» **Task item**:
Which lines in the data below contain the word "edge"? Pull each of them out.

=======

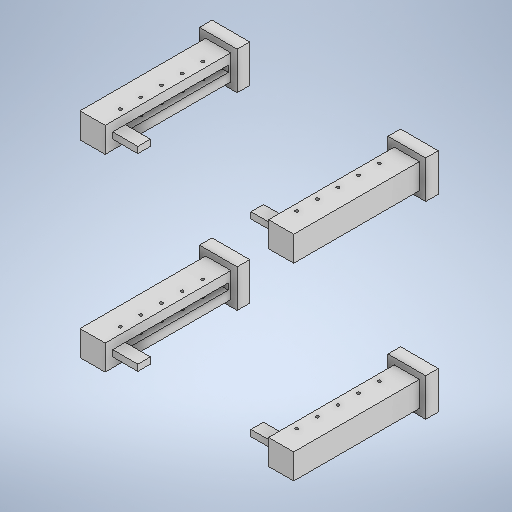
# Autodesk Inventor part: Torres
Saved by Autodesk Inventor 2026 (Build 300175050, 175E)
## iProperties
Created: 2025-04-14
Part Number: Torres
Material: Genérico
Document SubType Name: Modeling
Designer: piero
Density: 1 g/cm^3
Appearance: Valor por defecto
Author: piero
Autodesk Inventor part; units mm, degrees
ref_plane "YZ Plane" through (0, 0, 0) normal (1, 0, 0) x (0, 1, 0)
ref_plane "XZ Plane" through (0, 0, 0) normal (0, 1, 0) x (-1, 0, 0)
ref_plane "XY Plane" through (0, 0, 0) normal (0, 0, 1) x (1, 0, 0)
sketch "Boceto1" plane through (0, 0, 0) normal (0, 0, 1) x (1, 0, 0)
  line L0 (-82.5537, 351.7864) -> (67.4463, 351.7864)
  line L1 (67.4463, 351.7864) -> (67.4463, 201.7864)
  line L2 (67.4463, 201.7864) -> (-82.5537, 201.7864)
  line L3 (-82.5537, 201.7864) -> (-82.5537, 351.7864)
  line L4 (-82.5537, 351.7864) -> (67.4463, 201.7864) construction
  line L5 (67.4463, 351.7864) -> (-82.5537, 201.7864) construction
  line L6 (667.4463, 201.7864) -> (817.4463, 201.7864)
  line L7 (817.4463, 201.7864) -> (817.4463, 351.7864)
  line L8 (817.4463, 351.7864) -> (667.4463, 351.7864)
  line L9 (667.4463, 351.7864) -> (667.4463, 201.7864)
  line L10 (667.4463, 201.7864) -> (817.4463, 351.7864) construction
  line L11 (817.4463, 201.7864) -> (667.4463, 351.7864) construction
  line L12 (-82.5537, -548.2136) -> (67.4463, -548.2136)
  line L13 (67.4463, -548.2136) -> (67.4463, -398.2136)
  line L14 (67.4463, -398.2136) -> (-82.5537, -398.2136)
  line L15 (-82.5537, -398.2136) -> (-82.5537, -548.2136)
  line L16 (-82.5537, -548.2136) -> (67.4463, -398.2136) construction
  line L17 (67.4463, -548.2136) -> (-82.5537, -398.2136) construction
  line L18 (667.4463, -548.2136) -> (817.4463, -548.2136)
  line L19 (817.4463, -548.2136) -> (817.4463, -398.2136)
  line L20 (817.4463, -398.2136) -> (667.4463, -398.2136)
  line L21 (667.4463, -398.2136) -> (667.4463, -548.2136)
  line L22 (667.4463, -548.2136) -> (817.4463, -398.2136) construction
  line L23 (817.4463, -548.2136) -> (667.4463, -398.2136) construction
  point P0 (0, 0)
  point P1 (-7.5537, 276.7864)
  point P2 (742.4463, 276.7864)
  point P3 (-7.5537, -473.2136)
  point P4 (742.4463, -473.2136)
  point P5 (-7.5537, -398.2136)
  point P6 (742.4463, -398.2136)
  point P7 (667.4463, 276.7864)
  point P8 (667.4463, -473.2136)
  point P9 (67.4463, -473.2136)
  dimension "d0" = 150
  dimension "d1" = 150
  dimension "d2" = 150
  dimension "d3" = 150
  dimension "d4" = 150
  dimension "d5" = 150
  dimension "d6" = 150
  dimension "d7" = 150
  dimension "d8" = 600
  dimension "d9" = 600
  dimension "d10" = 600
  dimension "d11" = 600
  constraints: 48 end point, 13 midpoint, 8 parallel, 4 horizontal, 4 perpendicular
  measures "d0" distance of L1.end L2.end
  measures "d1" distance of L0.end L1.end
  measures "d2" distance of L8.end L7.end
  measures "d3" distance of L7.end L6.end
  measures "d4" distance of L14.end L13.end
  measures "d5" distance of L13.end L12.end
  measures "d6" distance of L20.end L19.end
  measures "d7" distance of L19.end L18.end
  measures "d8" distance from line of point (-7.554, -398.214) L2
  measures "d9" distance from line of point (742.446, -398.214) L6
  measures "d10" distance from line of point (667.446, 276.786) L1
  measures "d11" distance of point (667.446, -473.214) point (67.446, -473.214)
extrude "Extrusión1" add sketch "Boceto1" along normal blind 50
sketch "Boceto2" plane through (0, 0, 50) normal (0, 0, 1) x (1, 0, 0)
  line L0 (-57.5537, 326.7864) -> (42.4463, 326.7864)
  line L1 (42.4463, 326.7864) -> (42.4463, 226.7864)
  line L2 (42.4463, 226.7864) -> (-57.5537, 226.7864)
  line L3 (-57.5537, 226.7864) -> (-57.5537, 326.7864)
  line L4 (-57.5537, 326.7864) -> (42.4463, 226.7864) construction
  line L5 (42.4463, 326.7864) -> (-57.5537, 226.7864) construction
  line L6 (692.4463, 326.7864) -> (792.4463, 326.7864)
  line L7 (792.4463, 326.7864) -> (792.4463, 226.7864)
  line L8 (792.4463, 226.7864) -> (692.4463, 226.7864)
  line L9 (692.4463, 226.7864) -> (692.4463, 326.7864)
  line L10 (692.4463, 326.7864) -> (792.4463, 226.7864) construction
  line L11 (792.4463, 326.7864) -> (692.4463, 226.7864) construction
  line L12 (692.4463, -423.2136) -> (792.4463, -423.2136)
  line L13 (792.4463, -423.2136) -> (792.4463, -523.2136)
  line L14 (792.4463, -523.2136) -> (692.4463, -523.2136)
  line L15 (692.4463, -523.2136) -> (692.4463, -423.2136)
  line L16 (692.4463, -423.2136) -> (792.4463, -523.2136) construction
  line L17 (792.4463, -423.2136) -> (692.4463, -523.2136) construction
  line L18 (-57.5537, -523.2136) -> (42.4463, -523.2136)
  line L19 (42.4463, -523.2136) -> (42.4463, -423.2136)
  line L20 (42.4463, -423.2136) -> (-57.5537, -423.2136)
  line L21 (-57.5537, -423.2136) -> (-57.5537, -523.2136)
  line L22 (-57.5537, -523.2136) -> (42.4463, -423.2136) construction
  line L23 (42.4463, -523.2136) -> (-57.5537, -423.2136) construction
  line L24 (67.4463, 351.7864) -> (-82.5537, 351.7864) projected
  line L25 (-82.5537, 351.7864) -> (-82.5537, 201.7864) projected
  line L26 (817.4463, 351.7864) -> (667.4463, 351.7864) projected
  line L27 (667.4463, 351.7864) -> (667.4463, 201.7864) projected
  line L28 (817.4463, -398.2136) -> (667.4463, -398.2136) projected
  line L29 (-82.5537, -398.2136) -> (-82.5537, -548.2136) projected
  line L30 (67.4463, -398.2136) -> (-82.5537, -398.2136) projected
  point P0 (0, 0)
  point P1 (-7.5537, 276.7864)
  point P2 (742.4463, 276.7864)
  point P3 (742.4463, -473.2136)
  point P4 (-7.5537, -473.2136)
  point P5 (742.4463, 351.7864)
  point P6 (742.4463, 326.7864)
  point P7 (692.4463, 276.7864)
  dimension "d14" = 100
  dimension "d15" = 100
  dimension "d16" = 100
  dimension "d17" = 100
  dimension "d18" = 100
  dimension "d19" = 100
  dimension "d20" = 25
  dimension "d21" = 25
  dimension "d22" = 25
  dimension "d23" = 25
  dimension "d24" = 25
  dimension "d25" = 25
  dimension "d26" = 25
  constraints: 48 end point, 11 midpoint, 8 parallel, 4 horizontal, 4 perpendicular, 3 point on line
  measures "d14" distance of L1.end L2.end
  measures "d15" distance of L0.end L1.end
  measures "d16" distance of L7.end L8.end
  measures "d17" distance of L6.end L7.end
  measures "d18" distance of L13.end L14.end
  measures "d19" distance of L12.end L13.end
  measures "d20" distance between parallel lines of L24 L0
  measures "d21" distance between parallel lines of L25 L3
  measures "d22" distance of point (742.446, 351.786) point (742.446, 326.786)
  measures "d23" distance from line of L27 point (692.446, 276.786)
  measures "d24" distance between parallel lines of L28 L12
  measures "d25" distance between parallel lines of L29 L21
  measures "d26" distance between parallel lines of L20 L30
extrude "Extrusión2" add sketch "Boceto2" along normal blind 500
sketch "Boceto5" plane through (692.4463, 226.7864, 50) normal (-1, 0, 0) x (0, 0, 1)
  line L0 (470, 62.5) -> (420, 62.5) projected
  line L1 (470, 37.5) -> (470, 62.5) projected
  line L2 (420, 37.5) -> (470, 37.5) projected
  line L3 (420, 62.5) -> (420, 37.5) projected
  line L4 (420, 62.5) -> (470, 62.5) projected
  line L5 (470, 62.5) -> (10, 62.5)
  line L6 (10, 62.5) -> (10, 37.5)
  line L7 (10, 37.5) -> (470, 37.5)
  line L8 (470, 37.5) -> (470, 62.5)
  line L9 (470, -712.5) -> (470, -687.5) projected
  line L10 (470, -687.5) -> (10, -687.5)
  line L11 (10, -687.5) -> (10, -712.5)
  line L12 (10, -712.5) -> (470, -712.5)
  line L13 (470, -712.5) -> (470, -687.5)
  point P0 (-50, -226.7864)
  dimension "d41" = 460
  dimension "d42" = 460
  constraints: 16 end point, 4 parallel, 2 horizontal, 2 perpendicular, 1 point on line
  measures "d41" distance of L7.end L6.end
  measures "d42" distance of L12.end L11.end
extrude "Extrusión5" cut sketch "Boceto5" against normal blind 50
sketch "Boceto6" plane through (742.4463, 226.7864, 50) normal (-1, 0, 0) x (0, 0, 1)
  line L0 (470, 62.5) -> (470, 37.5) projected
  line L1 (470, 37.5) -> (10, 37.5) projected
  line L2 (470, 62.5) -> (420, 62.5)
  line L3 (420, 62.5) -> (420, 37.5)
  line L4 (420, 37.5) -> (470, 37.5)
  line L5 (470, 37.5) -> (470, 62.5)
  line L6 (10, -687.5) -> (470, -687.5) projected
  line L7 (470, -712.5) -> (10, -712.5) projected
  line L8 (470, -687.5) -> (420, -687.5)
  line L9 (420, -687.5) -> (420, -712.5)
  line L10 (420, -712.5) -> (470, -712.5)
  line L11 (470, -712.5) -> (470, -687.5)
  point P0 (-50, -226.7864)
  dimension "d45" = 50
  dimension "d46" = 50
  constraints: 16 end point, 4 parallel, 2 horizontal, 2 perpendicular, 2 point on line
  measures "d45" distance of L4.end L3.end
  measures "d46" distance of L10.end L9.end
extrude "Extrusión6" add sketch "Boceto6" along normal blind 150
sketch "Boceto7" plane through (42.4463, -523.2136, 50) normal (1, 0, 0) x (0, 0, -1)
  line L0 (-470, 37.5) -> (-420, 37.5) projected
  line L1 (-10, 62.5) -> (-420, 62.5) projected
  line L2 (-470, 37.5) -> (-10, 37.5)
  line L3 (-10, 37.5) -> (-10, 62.5)
  line L4 (-10, 62.5) -> (-470, 62.5)
  line L5 (-470, 62.5) -> (-470, 37.5)
  line L6 (-470, 787.5) -> (-420, 787.5) projected
  line L7 (-470, 787.5) -> (-10, 787.5)
  line L8 (-10, 787.5) -> (-10, 812.5)
  line L9 (-10, 812.5) -> (-470, 812.5)
  line L10 (-470, 812.5) -> (-470, 787.5)
  point P0 (50, 523.2136)
  dimension "d49" = 460
  dimension "d50" = 460
  constraints: 16 end point, 4 parallel, 2 horizontal, 2 perpendicular
  measures "d49" distance of L4.end L1.start
  measures "d50" distance of L9.end L8.end
extrude "Extrusión7" cut sketch "Boceto7" against normal blind 50
sketch "Boceto8" plane through (-7.5537, -523.2136, 50) normal (1, 0, 0) x (0, 0, -1)
  line L0 (-470, 62.5) -> (-470, 37.5) projected
  line L1 (-420, 62.5) -> (-470, 62.5) projected
  line L2 (-470, 37.5) -> (-420, 37.5)
  line L3 (-420, 37.5) -> (-420, 62.5)
  line L4 (-420, 62.5) -> (-470, 62.5)
  line L5 (-470, 62.5) -> (-470, 37.5)
  line L6 (-470, 787.5) -> (-420, 787.5) projected
  line L7 (-470, 812.5) -> (-420, 812.5) projected
  line L8 (-470, 787.5) -> (-420, 787.5)
  line L9 (-420, 787.5) -> (-420, 812.5)
  line L10 (-420, 812.5) -> (-470, 812.5)
  line L11 (-470, 812.5) -> (-470, 787.5)
  point P0 (50, 523.2136)
  dimension "d53" = 50
  dimension "d54" = 50
  constraints: 16 end point, 4 parallel, 2 horizontal, 2 perpendicular
  measures "d53" distance of L4.end L1.start
  measures "d54" distance of L10.end L7.end
extrude "Extrusión8" add sketch "Boceto8" along normal blind 150
sketch "Boceto9" plane through (-57.5537, -523.2136, 50) normal (0, -1, 0) x (1, 0, 0)
  line L0 (50, 420) -> (100, 420) projected
  circle A0 centre (74, 414) radius 6
  circle A1 centre (74, 332) radius 6
  circle A2 centre (74, 250) radius 6
  circle A3 centre (74, 168) radius 6
  circle A4 centre (74, 86) radius 6
  line L1 (100, 0) -> (100, 500) projected
  circle A5 centre (776, 414) radius 6
  line L2 (750, 420) -> (800, 420) projected
  line L3 (750, 0) -> (750, 500) projected
  circle A6 centre (776, 332) radius 6
  circle A7 centre (776, 250) radius 6
  circle A8 centre (776, 168) radius 6
  circle A9 centre (776, 86) radius 6
  line L4 (725, 0) -> (875, 0) projected
  point P0 (57.5537, -50)
  dimension "d60" = 12
  dimension "d61" = 0
  dimension "d62" = 12
  dimension "d63" = 70
  dimension "d64" = 12
  dimension "d65" = 12
  dimension "d66" = 12
  dimension "d69" = 82
  dimension "d70" = 70
  dimension "d71" = 82
  dimension "d74" = 20
  dimension "d75" = 12
  dimension "d76" = 0
  dimension "d77" = 20
  dimension "d78" = 12
  dimension "d83" = 82
  dimension "d84" = 12
  dimension "d85" = 82
  dimension "d86" = 12
  dimension "d87" = 70
  dimension "d88" = 12
  dimension "d89" = 82
  constraints: 10 centre point
  measures "d60" diameter of A0
  measures "d61" distance edge to line of A0 L0
  measures "d62" diameter of A1
  measures "d64" diameter of A2
  measures "d65" diameter of A3
  measures "d66" diameter of A4
  measures "d69" distance of A2.centre A1.centre
  measures "d71" distance of A4.centre A3.centre
  measures "d74" distance edge to line of A0 L1
  measures "d75" diameter of A5
  measures "d76" distance edge to line of A5 L2
  measures "d77" distance edge to line of A5 L3
  measures "d78" diameter of A6
  measures "d83" distance of A6.centre A5.centre
  measures "d84" diameter of A7
  measures "d85" distance of A7.centre A6.centre
  measures "d86" diameter of A8
  measures "d88" diameter of A9
  measures "d89" distance of A9.centre A8.centre
hole "Agujero1" at (16.4463, -523.2136, 464) direction (0, 1, 0) diameter 11.835 depth 100 thread size "M14x2" class "6H" standard "ISO Metric profile"
hole "Agujero2" at (16.4463, -523.2136, 382) direction (0, 1, 0) diameter 11.835 depth 100 thread size "M14x2" class "6H" standard "ISO Metric profile"
hole "Agujero3" at (16.4463, -523.2136, 300) direction (0, 1, 0) diameter 11.835 depth 100 thread size "M14x2" class "6H" standard "ISO Metric profile"
hole "Agujero4" at (16.4463, -523.2136, 218) direction (0, 1, 0) diameter 11.835 depth 100 thread size "M14x2" class "6H" standard "ISO Metric profile"
hole "Agujero5" at (16.4463, -523.2136, 136) direction (0, 1, 0) diameter 11.835 depth 100 thread size "M14x2" class "6H" standard "ISO Metric profile"
hole "Agujero6" at (718.4463, -523.2136, 464) direction (0, 1, 0) diameter 11.835 depth 100 thread size "M14x2" class "6H" standard "ISO Metric profile"
hole "Agujero7" at (718.4463, -523.2136, 382) direction (0, 1, 0) diameter 11.835 depth 100 thread size "M14x2" class "6H" standard "ISO Metric profile"
hole "Agujero8" at (718.4463, -523.2136, 300) direction (0, 1, 0) diameter 11.835 depth 100 thread size "M14x2" class "6H" standard "ISO Metric profile"
hole "Agujero9" at (718.4463, -523.2136, 218) direction (0, 1, 0) diameter 11.835 depth 100 thread size "M14x2" class "6H" standard "ISO Metric profile"
hole "Agujero10" at (718.4463, -523.2136, 136) direction (0, 1, 0) diameter 11.835 depth 100 thread size "M14x2" class "6H" standard "ISO Metric profile"
sketch "Boceto10" plane through (692.4463, 326.7864, 50) normal (0, 1, 0) x (1, 0, 0)
  line L0 (50, -420) -> (0, -420) projected
  circle A0 centre (26, -414) radius 5.9175 projected
  circle A1 centre (26, -414) radius 6
  circle A2 centre (26, -332) radius 5.9175 projected
  circle A3 centre (26, -332) radius 6
  circle A4 centre (26, -250) radius 5.9175 projected
  circle A5 centre (26, -250) radius 6
  circle A6 centre (26, -168) radius 5.9175 projected
  circle A7 centre (26, -168) radius 6
  circle A8 centre (26, -86) radius 5.9175 projected
  circle A9 centre (26, -86) radius 6
  circle A10 centre (-676, -414) radius 5.9175 projected
  circle A11 centre (-676, -414) radius 6
  circle A12 centre (-676, -332) radius 5.9175 projected
  circle A13 centre (-676, -332) radius 6
  circle A14 centre (-676, -250) radius 5.9175 projected
  circle A15 centre (-676, -250) radius 6
  circle A16 centre (-676, -168) radius 5.9175 projected
  circle A17 centre (-676, -168) radius 6
  circle A18 centre (-676, -86) radius 5.9175 projected
  circle A19 centre (-676, -86) radius 6
  point P0 (-692.4463, 50)
  dimension "d161" = 12
  dimension "d162" = 12
  dimension "d163" = 12
  dimension "d164" = 12
  dimension "d165" = 12
  dimension "d166" = 12
  dimension "d167" = 12
  dimension "d168" = 12
  dimension "d169" = 12
  dimension "d170" = 12
  constraints: 10 centre point, 10 coincident
  measures "d161" diameter of A1
  measures "d162" diameter of A3
  measures "d163" diameter of A5
  measures "d164" diameter of A7
  measures "d165" diameter of A9
  measures "d166" diameter of A11
  measures "d167" diameter of A13
  measures "d168" diameter of A15
  measures "d169" diameter of A17
  measures "d170" diameter of A19
hole "Agujero11" at (718.4463, 326.7864, 464) direction (0, -1, 0) diameter 11.835 depth 100 thread size "M14x2" class "6H" standard "ISO Metric profile"
hole "Agujero12" at (718.4463, 326.7864, 382) direction (0, -1, 0) diameter 11.835 depth 100 thread size "M14x2" class "6H" standard "ISO Metric profile"
hole "Agujero13" at (718.4463, 326.7864, 300) direction (0, -1, 0) diameter 11.835 depth 100 thread size "M14x2" class "6H" standard "ISO Metric profile"
hole "Agujero14" at (718.4463, 326.7864, 218) direction (0, -1, 0) diameter 11.835 depth 100 thread size "M14x2" class "6H" standard "ISO Metric profile"
hole "Agujero15" at (718.4463, 326.7864, 136) direction (0, -1, 0) diameter 11.835 depth 100 thread size "M14x2" class "6H" standard "ISO Metric profile"
hole "Agujero16" at (16.4463, 326.7864, 464) direction (0, -1, 0) diameter 11.835 depth 100 thread size "M14x2" class "6H" standard "ISO Metric profile"
hole "Agujero17" at (16.4463, 326.7864, 382) direction (0, -1, 0) diameter 11.835 depth 100 thread size "M14x2" class "6H" standard "ISO Metric profile"
hole "Agujero18" at (16.4463, 326.7864, 300) direction (0, -1, 0) diameter 11.835 depth 100 thread size "M14x2" class "6H" standard "ISO Metric profile"
hole "Agujero19" at (16.4463, 326.7864, 218) direction (0, -1, 0) diameter 11.835 depth 100 thread size "M14x2" class "6H" standard "ISO Metric profile"
hole "Agujero20" at (16.4463, 326.7864, 136) direction (0, -1, 0) diameter 11.835 depth 100 thread size "M14x2" class "6H" standard "ISO Metric profile"
sketch "Boceto11" plane through (-7.5537, -485.7136, 470) normal (0, 0, -1) x (-1, 0, 0)
  circle A0 centre (-120, 12.5) radius 5
  line L0 (-150, 0) -> (-150, 25) projected
  circle A1 centre (-120, 762.5) radius 5
  line L1 (-150, 750) -> (-150, 775) projected
  line L2 (-50, 0) -> (-150, 0) projected
  line L3 (-50, 750) -> (-150, 750) projected
  circle A2 centre (-630, 762.5) radius 5
  line L4 (-600, 775) -> (-600, 750) projected
  line L5 (-700, 750) -> (-600, 750) projected
  circle A3 centre (-630, 12.5) radius 5
  line L6 (-600, 25) -> (-600, 0) projected
  line L7 (-700, 0) -> (-600, 0) projected
  point P0 (-7.5537, 485.7136)
  point P1 (-150, 12.5)
  point P2 (-150, 762.5)
  point P3 (-600, 762.5)
  point P4 (-600, 12.5)
  dimension "d241" = 10
  dimension "d242" = 30
  dimension "d243" = 10
  dimension "d244" = 30
  dimension "d245" = 12.5
  dimension "d246" = 12.5
  dimension "d247" = 10
  dimension "d248" = 30
  dimension "d249" = 12.5
  dimension "d250" = 10
  dimension "d251" = 30
  dimension "d252" = 12.5
  constraints: 4 centre point, 4 midpoint
  measures "d241" diameter of A0
  measures "d242" distance of point (-150, 12.5) A0.centre
  measures "d243" diameter of A1
  measures "d244" distance of A1.centre point (-150, 762.5)
  measures "d245" distance from line of L2 A0.centre
  measures "d246" distance from line of L3 A1.centre
  measures "d247" diameter of A2
  measures "d248" distance of A2.centre point (-600, 762.5)
  measures "d249" distance from line of L5 A2.centre
  measures "d250" diameter of A3
  measures "d251" distance of point (-600, 12.5) A3.centre
  measures "d252" distance from line of L7 A3.centre
hole "Agujero21" at (622.4463, -473.2136, 470) direction (0, 0, 1) diameter 10.106 depth 25 thread size "M12x1.75" class "6H" standard "ISO Metric profile"
hole "Agujero22" at (622.4463, 276.7864, 470) direction (0, 0, 1) diameter 10.106 depth 25 thread size "M12x1.75" class "6H" standard "ISO Metric profile"
hole "Agujero23" at (112.4463, 276.7864, 470) direction (0, 0, 1) diameter 10.106 depth 25 thread size "M12x1.75" class "6H" standard "ISO Metric profile"
hole "Agujero24" at (112.4463, -473.2136, 470) direction (0, 0, 1) diameter 10.106 depth 25 thread size "M12x1.75" class "6H" standard "ISO Metric profile"

=======

» **Result of this exercise**:
  measures "d61" distance edge to line of A0 L0
  measures "d74" distance edge to line of A0 L1
  measures "d76" distance edge to line of A5 L2
  measures "d77" distance edge to line of A5 L3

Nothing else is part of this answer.